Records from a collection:
■ ■ ■
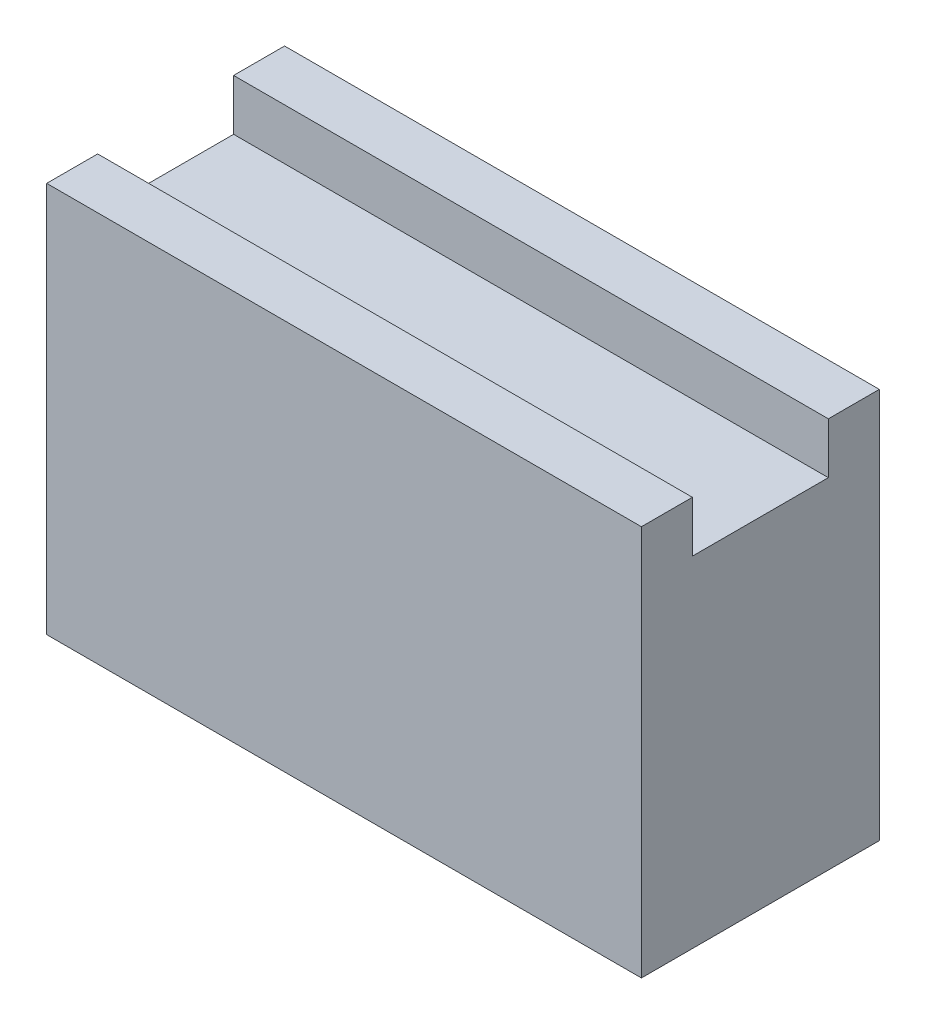
SolidWorks part; units mm, degrees
ref_plane "Front Plane" through (0, 0, 0) normal (0, 0, 1) x (1, 0, 0)
ref_plane "Top Plane" through (0, 0, 0) normal (0, 1, 0) x (1, 0, 0)
ref_plane "Right Plane" through (0, 0, 0) normal (1, 0, 0) x (0, 0, -1)
sketch "Sketch1" plane through (0, 0, 0) normal (1, 0, 0) x (0, 0, -1)
  line L0 (-7, 10) -> (-7, 13)
  line L1 (-7, -10) -> (7, -10)
  line L2 (-7, -10) -> (-7, 10)
  line L3 (-4, 10) -> (4, 10)
  line L4 (7, -10) -> (7, 10)
  line L5 (-7, -10) -> (7, 10) construction
  line L6 (-7, 10) -> (7, -10) construction
  line L7 (-7, 13) -> (-4, 13)
  line L8 (-4, 13) -> (-4, 10)
  line L9 (7, 10) -> (7, 13)
  line L10 (7, 13) -> (4, 13)
  line L11 (4, 13) -> (4, 10)
  point P0 (0, 0)
  point P12 (0, 10)
  dimension "D1" = 20
  dimension "D2" = 8
  dimension "D3" = 3
  dimension "D4" = 3
extrude "Boss-Extrude1" add sketch "Sketch1" against normal blind 35
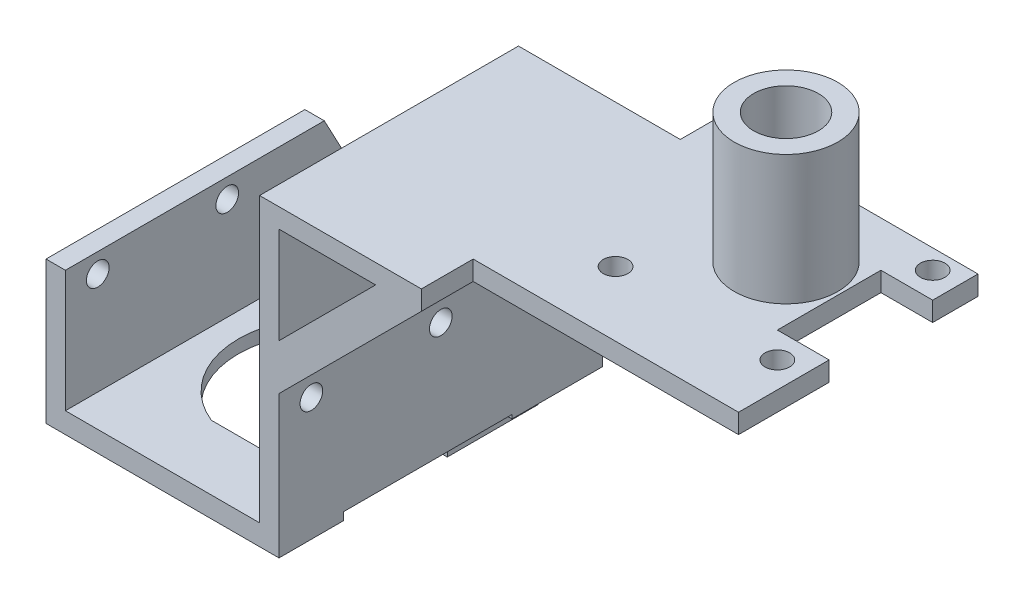
SolidWorks part; units mm, degrees
material "1060 合金"
ref_plane "前视基准面" through (0, 0, 0) normal (0, 0, 1) x (1, 0, 0)
ref_plane "上视基准面" through (0, 0, 0) normal (0, 1, 0) x (1, 0, 0)
ref_plane "右视基准面" through (0, 0, 0) normal (1, 0, 0) x (0, 0, -1)
sketch "草图1" plane through (0, 0, 0) normal (0, 1, 0) x (1, 0, 0)
  line L1 (-18, 20) -> (18, 20)
  line L2 (-18, 20) -> (-18, -20)
  line L3 (-18, -20) -> (18, -20)
  line L4 (18, 20) -> (18, -20)
  line L5 (-18, 20) -> (18, -20) construction
  line L6 (-18, -20) -> (18, 20) construction
  point P0 (0, 0)
  dimension "D1" = 40
  dimension "D2" = 36
extrude "凸台-拉伸1" add sketch "草图1" along normal blind 3
ref_plane "基准面1" through (0, 3, 0) normal (0, 1, 0) x (1, 0, 0)
sketch "草图2" plane through (0, 3, 0) normal (0, 1, 0) x (1, 0, 0)
  line L0 (-18, -20) -> (18, -20) construction
  line L1 (-18, 20) -> (-15, 20)
  line L2 (-18, 20) -> (-18, -20)
  line L3 (-18, -20) -> (-15, -20)
  line L4 (-15, 20) -> (-15, -20)
  line L6 (18, 20) -> (15, 20)
  line L7 (18, 20) -> (18, -20)
  line L8 (18, -20) -> (15, -20)
  line L9 (15, 20) -> (15, -20)
  dimension "D1" = 3
  dimension "D2" = 3
extrude "凸台-拉伸2" add sketch "草图2" along normal blind 18.8
ref_plane "基准面2" through (0, 0, 0) normal (0, -1, 0) x (-1, 0, 0)
sketch "草图3" plane through (0, 0, 0) normal (0, -1, 0) x (-1, 0, 0)
  circle A0 centre (-2.75, 3) radius 14
  dimension "D1" = 28
extrude "切除-拉伸1" cut sketch "草图3" against normal blind 9
ref_plane "基准面3" through (0, 0, 20) normal (0, 0, 1) x (1, 0, 0)
sketch "草图4" plane through (0, 0, 20) normal (0, 0, 1) x (1, 0, 0)
  line L0 (18, 21.8) -> (18, 0) construction
  line L1 (-18, 0) -> (18, 0)
  line L2 (-18, 0) -> (-18, 3)
  line L3 (-18, 3) -> (18, 3)
  line L4 (18, 0) -> (18, 3)
  line L5 (16.5, 3) -> (-16.5, 3) construction
extrude "凸台-拉伸3" add sketch "草图4" along normal blind 10
sketch "草图6" plane through (0, 0, 0) normal (0, -1, 0) x (-1, 0, 0)
  circle A0 centre (-2.75, -16.15) radius 2.7
  dimension "D2" = 5.4
  dimension "D1" = 19.15
extrude "切除-拉伸3" cut sketch "草图6" against normal blind 10
ref_plane "基准面4" through (-18, 0, 0) normal (-1, 0, 0) x (0, 0, 1)
sketch "草图7" plane through (-18, 0, 0) normal (-1, 0, 0) x (0, 0, 1)
  line L0 (20, -1.65) -> (20, 1.65) construction
  line L2 (-20, 21.8) -> (20, 21.8) construction
  circle A0 centre (15, 18.8) radius 1.75
  circle A1 centre (-5, 18.8) radius 1.75
  dimension "D1" = 3.5
  dimension "D2" = 3.5
  dimension "D3" = 5
  dimension "D4" = 3
  dimension "D5" = 3
  dimension "D6" = 20
extrude "切除-拉伸4" cut sketch "草图7" against normal through all
ref_plane "基准面5" through (0, 0, 0) normal (0, -1, 0) x (-1, 0, 0)
ref_plane "基准面6" through (0, 0, 30) normal (0, 0, 1) x (1, 0, 0)
sketch "草图9" plane through (0, 0, 30) normal (0, 0, 1) x (1, 0, 0)
  line L0 (-18, 13.365) -> (-18, -13.365) construction
  line L1 (-18, 0) -> (-15, 0)
  line L2 (-18, 0) -> (-18, -9.3)
  line L3 (-18, -9.3) -> (-15, -9.3)
  line L4 (-15, 0) -> (-15, -9.3)
  line L5 (-18, 3) -> (-18, 0) construction
  line L6 (-55, 0) -> (55, 0) construction
  line L7 (-15, -9.3) -> (10, -9.3)
  line L8 (-15, -9.3) -> (-15, -6.3)
  line L9 (-15, -6.3) -> (10, -6.3)
  line L10 (10, -9.3) -> (10, -6.3)
  dimension "D1" = 3
  dimension "D2" = 9.3
  dimension "D3" = 3
  dimension "D4" = 25
extrude "凸台-拉伸4" add sketch "草图9" against normal blind 20 contours L7 L10 L9 L4 | L4 L1 L2 L3
chamfer "倒角1" distance 5 angle 45 1 edges at (10, -7.8, 30)
sketch "草图10" plane through (0, 0, 0) normal (0, 1, 0) x (1, 0, 0)
  circle A0 centre (2.75, -16.15) radius 2.7
extrude "切除-拉伸5" cut sketch "草图10" against normal blind 30
sketch "草图11" plane through (-18, 0, 0) normal (-1, 0, 0) x (0, 0, 1)
  line L1 (40.054, -18.0711) -> (0, -18.0711)
  line L2 (40.054, -18.0711) -> (40.054, 0)
  line L3 (40.054, 0) -> (0, 0)
  line L4 (0, -18.0711) -> (0, 0)
extrude "切除-拉伸6" cut sketch "草图11" against normal through all
sketch "草图12" plane through (0, 0, 0) normal (0, -1, 0) x (-1, 0, 0)
  line L0 (18, 20) -> (18, -30) construction
  line L1 (-18, -30) -> (18, -30)
  line L2 (-18, -30) -> (-18, -10)
  line L3 (-18, -10) -> (18, -10)
  line L4 (18, -30) -> (18, -10)
  circle A0 centre (-2.75, -16.15) radius 2.7
  dimension "D1" = 20
extrude "凸台-拉伸5" add sketch "草图12" along normal blind 2.5
sketch "草图13" plane through (0, 0, 0) normal (0, -1, 0) x (-1, 0, 0)
  line L1 (-30.9744, -10) -> (31.1483, -10)
  line L2 (-30.9744, -10) -> (-30.9744, 25.5614)
  line L3 (-30.9744, 25.5614) -> (31.1483, 25.5614)
  line L4 (31.1483, -10) -> (31.1483, 25.5614)
extrude "切除-拉伸7" cut sketch "草图13" against normal blind 1
ref_plane "基准面7" through (18, 0, 0) normal (1, 0, 0) x (0, 0, -1)
ref_plane "基准面8" through (0, 0, 20) normal (0, 0, 1) x (1, 0, 0)
sketch "草图16" plane through (0, 0, 20) normal (0, 0, 1) x (1, 0, 0)
  line L0 (18, -13.365) -> (18, 13.365) construction
  line L1 (15, 21.8) -> (18, 21.8)
  line L2 (15, 21.8) -> (15, 46.8)
  line L3 (15, 46.8) -> (18, 46.8)
  line L4 (18, 21.8) -> (18, 46.8)
  line L6 (18, 46.8) -> (78, 46.8)
  line L7 (18, 46.8) -> (18, 43.8)
  line L8 (18, 43.8) -> (78, 43.8)
  line L9 (78, 46.8) -> (78, 43.8)
  dimension "D1" = 25
  dimension "D2" = 60
  dimension "D3" = 3
extrude "凸台-拉伸7" add sketch "草图16" against normal blind 65 contours L9 L6 L4 L8 | L1 L4 L3 L2
ref_plane "基准面9" through (0, 9, 0) normal (0, -1, 0) x (-1, 0, 0)
sketch "草图17" plane through (0, 9, 0) normal (0, -1, 0) x (-1, 0, 0)
  line L0 (-15, 9.7777) -> (-15, -3.7777)
  circle A0 centre (-2.75, 3) radius 14
extrude "凸台-拉伸8" add sketch "草图17" along normal up to surface (8 mm away) contours L0 A0
ref_plane "基准面10" through (0, 46.8, 0) normal (0, 1, 0) x (1, 0, 0)
sketch "草图18" plane through (0, 46.8, 0) normal (0, 1, 0) x (1, 0, 0)
  line L0 (78, 45) -> (78, -20) construction
  line L1 (47.75, 25.75) -> (74.25, 25.75) construction
  line L2 (47.75, 25.75) -> (47.75, -0.75) construction
  line L3 (47.75, -0.75) -> (74.25, -0.75) construction
  line L4 (74.25, 25.75) -> (74.25, -0.75) construction
  line L5 (47.75, 25.75) -> (74.25, -0.75) construction
  line L6 (47.75, -0.75) -> (74.25, 25.75) construction
  line L10 (47.75, 12.5) -> (74.25, 12.5) construction
  line L11 (52, -0.75) -> (70, -0.75) construction
  line L12 (52, -2.75) -> (70, -2.75)
  line L13 (52, 1.25) -> (70, 1.25)
  line L14 (15, 12.5) -> (78, 12.5) construction
  line L15 (15, 45) -> (15, -20) construction
  circle A2 centre (74.25, -0.75) radius 1.15
  circle A3 centre (47.75, -0.75) radius 1.15
  circle A4 centre (61, 12.5) radius 10
  arc A7 (52, -2.75) -> (52, 1.25) centre (52, -0.75) cw
  arc A8 (70, 1.25) -> (70, -2.75) centre (70, -0.75) cw
  point P0 (61, 12.5)
  point P24 (61, -0.75)
  dimension "D3" = 13.25
  dimension "D4" = 2
  dimension "D5" = 2.3
  dimension "D6" = 2.3
  dimension "D8" = 20
  dimension "D1" = 26.5
  dimension "D2" = 26.5
  dimension "D7" = 17
  dimension "D9" = 18
ref_plane "基准面11" through (0, -2.5, 0) normal (0, -1, 0) x (-1, 0, 0)
sketch "草图19" plane through (0, -2.5, 0) normal (0, -1, 0) x (-1, 0, 0)
  line L1 (-57.3424, 35.7643) -> (67.8869, 35.7643)
  line L2 (-57.3424, 35.7643) -> (-57.3424, -68.1586)
  line L3 (-57.3424, -68.1586) -> (67.8869, -68.1586)
  line L4 (67.8869, 35.7643) -> (67.8869, -68.1586)
extrude "切除-拉伸9" cut sketch "草图19" against normal blind 0.5
ref_plane "基准面12" through (0, -2, 0) normal (0, -1, 0) x (-1, 0, 0)
sketch "草图20" plane through (0, -2, 0) normal (0, -1, 0) x (-1, 0, 0)
  line L1 (-74.5179, 37.5036) -> (80.2794, 37.5036)
  line L2 (-74.5179, 37.5036) -> (-74.5179, -52.9398)
  line L3 (-74.5179, -52.9398) -> (80.2794, -52.9398)
  line L4 (80.2794, 37.5036) -> (80.2794, -52.9398)
extrude "切除-拉伸10" cut sketch "草图20" against normal blind 1.8
ref_plane "基准面13" through (0, 0, 0) normal (0, 1, 0) x (1, 0, 0)
sketch "草图21" plane through (0, 0, 0) normal (0, 1, 0) x (1, 0, 0)
  line L1 (-2.4461, -10) -> (8.7096, -10)
  line L2 (-2.4461, -10) -> (-2.4461, -12.6038)
  line L3 (-2.4461, -12.6038) -> (8.7096, -12.6038)
  line L4 (8.7096, -10) -> (8.7096, -12.6038)
extrude "凸台-拉伸9" add sketch "草图21" along normal up to surface (3 mm away) up to face at (2.75, 3, 18.85)
ref_plane "基准面14" through (0, 0, -20) normal (0, 0, -1) x (-1, 0, 0)
sketch "草图22" plane through (0, 0, -20) normal (0, 0, -1) x (-1, 0, 0)
  line L0 (18, -17.325) -> (18, 17.325) construction
  line L1 (18, 3) -> (-18, 3)
  line L2 (18, 3) -> (18, -0.2)
  line L3 (18, -0.2) -> (-18, -0.2)
  line L4 (-18, 3) -> (-18, -0.2)
  line L5 (18, 3) -> (18, -0.2) construction
  line L6 (-18, 21.8) -> (-18, 1) construction
  line L7 (-15, 3) -> (15, 3) construction
  dimension "D1" = 3.2
extrude "凸台-拉伸10" add sketch "草图22" along normal blind 10 and the other way blind 4
sketch "草图23" plane through (0, 9, 0) normal (0, -1, 0) x (-1, 0, 0)
  circle A0 centre (-2.75, 22.15) radius 1.75
  arc A1 (2.4461, -10) -> (2.4462, 16) centre (-2.75, 3) ccw construction
  dimension "D1" = 19.15
  dimension "D2" = 3.5
extrude "切除-拉伸12" cut sketch "草图23" along normal blind 10
sketch "草图26" plane through (0, 3, 0) normal (0, 1, 0) x (1, 0, 0)
  line L1 (-3.0023, -13.2404) -> (9.8436, -13.2404)
  line L2 (-3.0023, -13.2404) -> (-3.0023, -20.6177)
  line L3 (-3.0023, -20.6177) -> (9.8436, -20.6177)
  line L4 (9.8436, -13.2404) -> (9.8436, -20.6177)
extrude "凸台-拉伸11" add sketch "草图26" against normal through all
sketch "草图27" plane through (0, 0, 30) normal (0, 0, 1) x (1, 0, 0)
  line L1 (-53.429, 28.6042) -> (62.9951, 28.6042)
  line L2 (-53.429, 28.6042) -> (-53.429, -33.9017)
  line L3 (-53.429, -33.9017) -> (62.9951, -33.9017)
  line L4 (62.9951, 28.6042) -> (62.9951, -33.9017)
extrude "切除-拉伸13" cut sketch "草图27" against normal blind 10
ref_plane "基准面16" through (0, 46.8, 0) normal (0, 1, 0) x (1, 0, 0)
sketch "草图29" plane through (0, 46.8, 0) normal (0, 1, 0) x (1, 0, 0)
  line L0 (-12.1, -20) -> (12.1, -20) construction
  line L1 (88.2149, 37) -> (-1.5762, 37)
  line L2 (88.2149, 37) -> (88.2149, 49.2847)
  line L3 (88.2149, 49.2847) -> (-1.5762, 49.2847)
  line L4 (-1.5762, 37) -> (-1.5762, 49.2847)
  line L5 (110.1735, -41.7854) -> (2.772, -41.7854)
  line L6 (110.1735, -41.7854) -> (110.1735, -12)
  line L7 (110.1735, -12) -> (2.772, -12)
  line L8 (2.772, -41.7854) -> (2.772, -12)
  line L9 (15, 45) -> (78, 45) construction
  dimension "D1" = 8
  dimension "D2" = 8
extrude "切除-拉伸14" cut sketch "草图29" against normal blind 25
ref_plane "基准面17" through (0, 0, -20) normal (0, 0, -1) x (-1, 0, 0)
sketch "草图30" plane through (0, 0, -20) normal (0, 0, -1) x (-1, 0, 0)
  line L0 (19.8, 3) -> (-19.8, 3) construction
  line L1 (-18, 21.8) -> (-15, 21.8)
  line L2 (-18, 21.8) -> (-18, 3)
  line L3 (-18, 3) -> (-15, 3)
  line L4 (-15, 21.8) -> (-15, 3)
  line L5 (18, 3) -> (-18, 3) construction
extrude "凸台-拉伸12" add sketch "草图30" along normal up to surface (17 mm away) up to face at (37, 37.4667, -37)
ref_plane "基准面18" through (0, -0.2, 0) normal (0, -1, 0) x (-1, 0, 0)
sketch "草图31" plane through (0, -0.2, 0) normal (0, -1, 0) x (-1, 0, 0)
■ ■ ■
__What you will do__
Would you copy out each line of the records above where the word "contours" occurs?

__Solved exercise__
extrude "凸台-拉伸4" add sketch "草图9" against normal blind 20 contours L7 L10 L9 L4 | L4 L1 L2 L3
extrude "凸台-拉伸7" add sketch "草图16" against normal blind 65 contours L9 L6 L4 L8 | L1 L4 L3 L2
extrude "凸台-拉伸8" add sketch "草图17" along normal up to surface (8 mm away) contours L0 A0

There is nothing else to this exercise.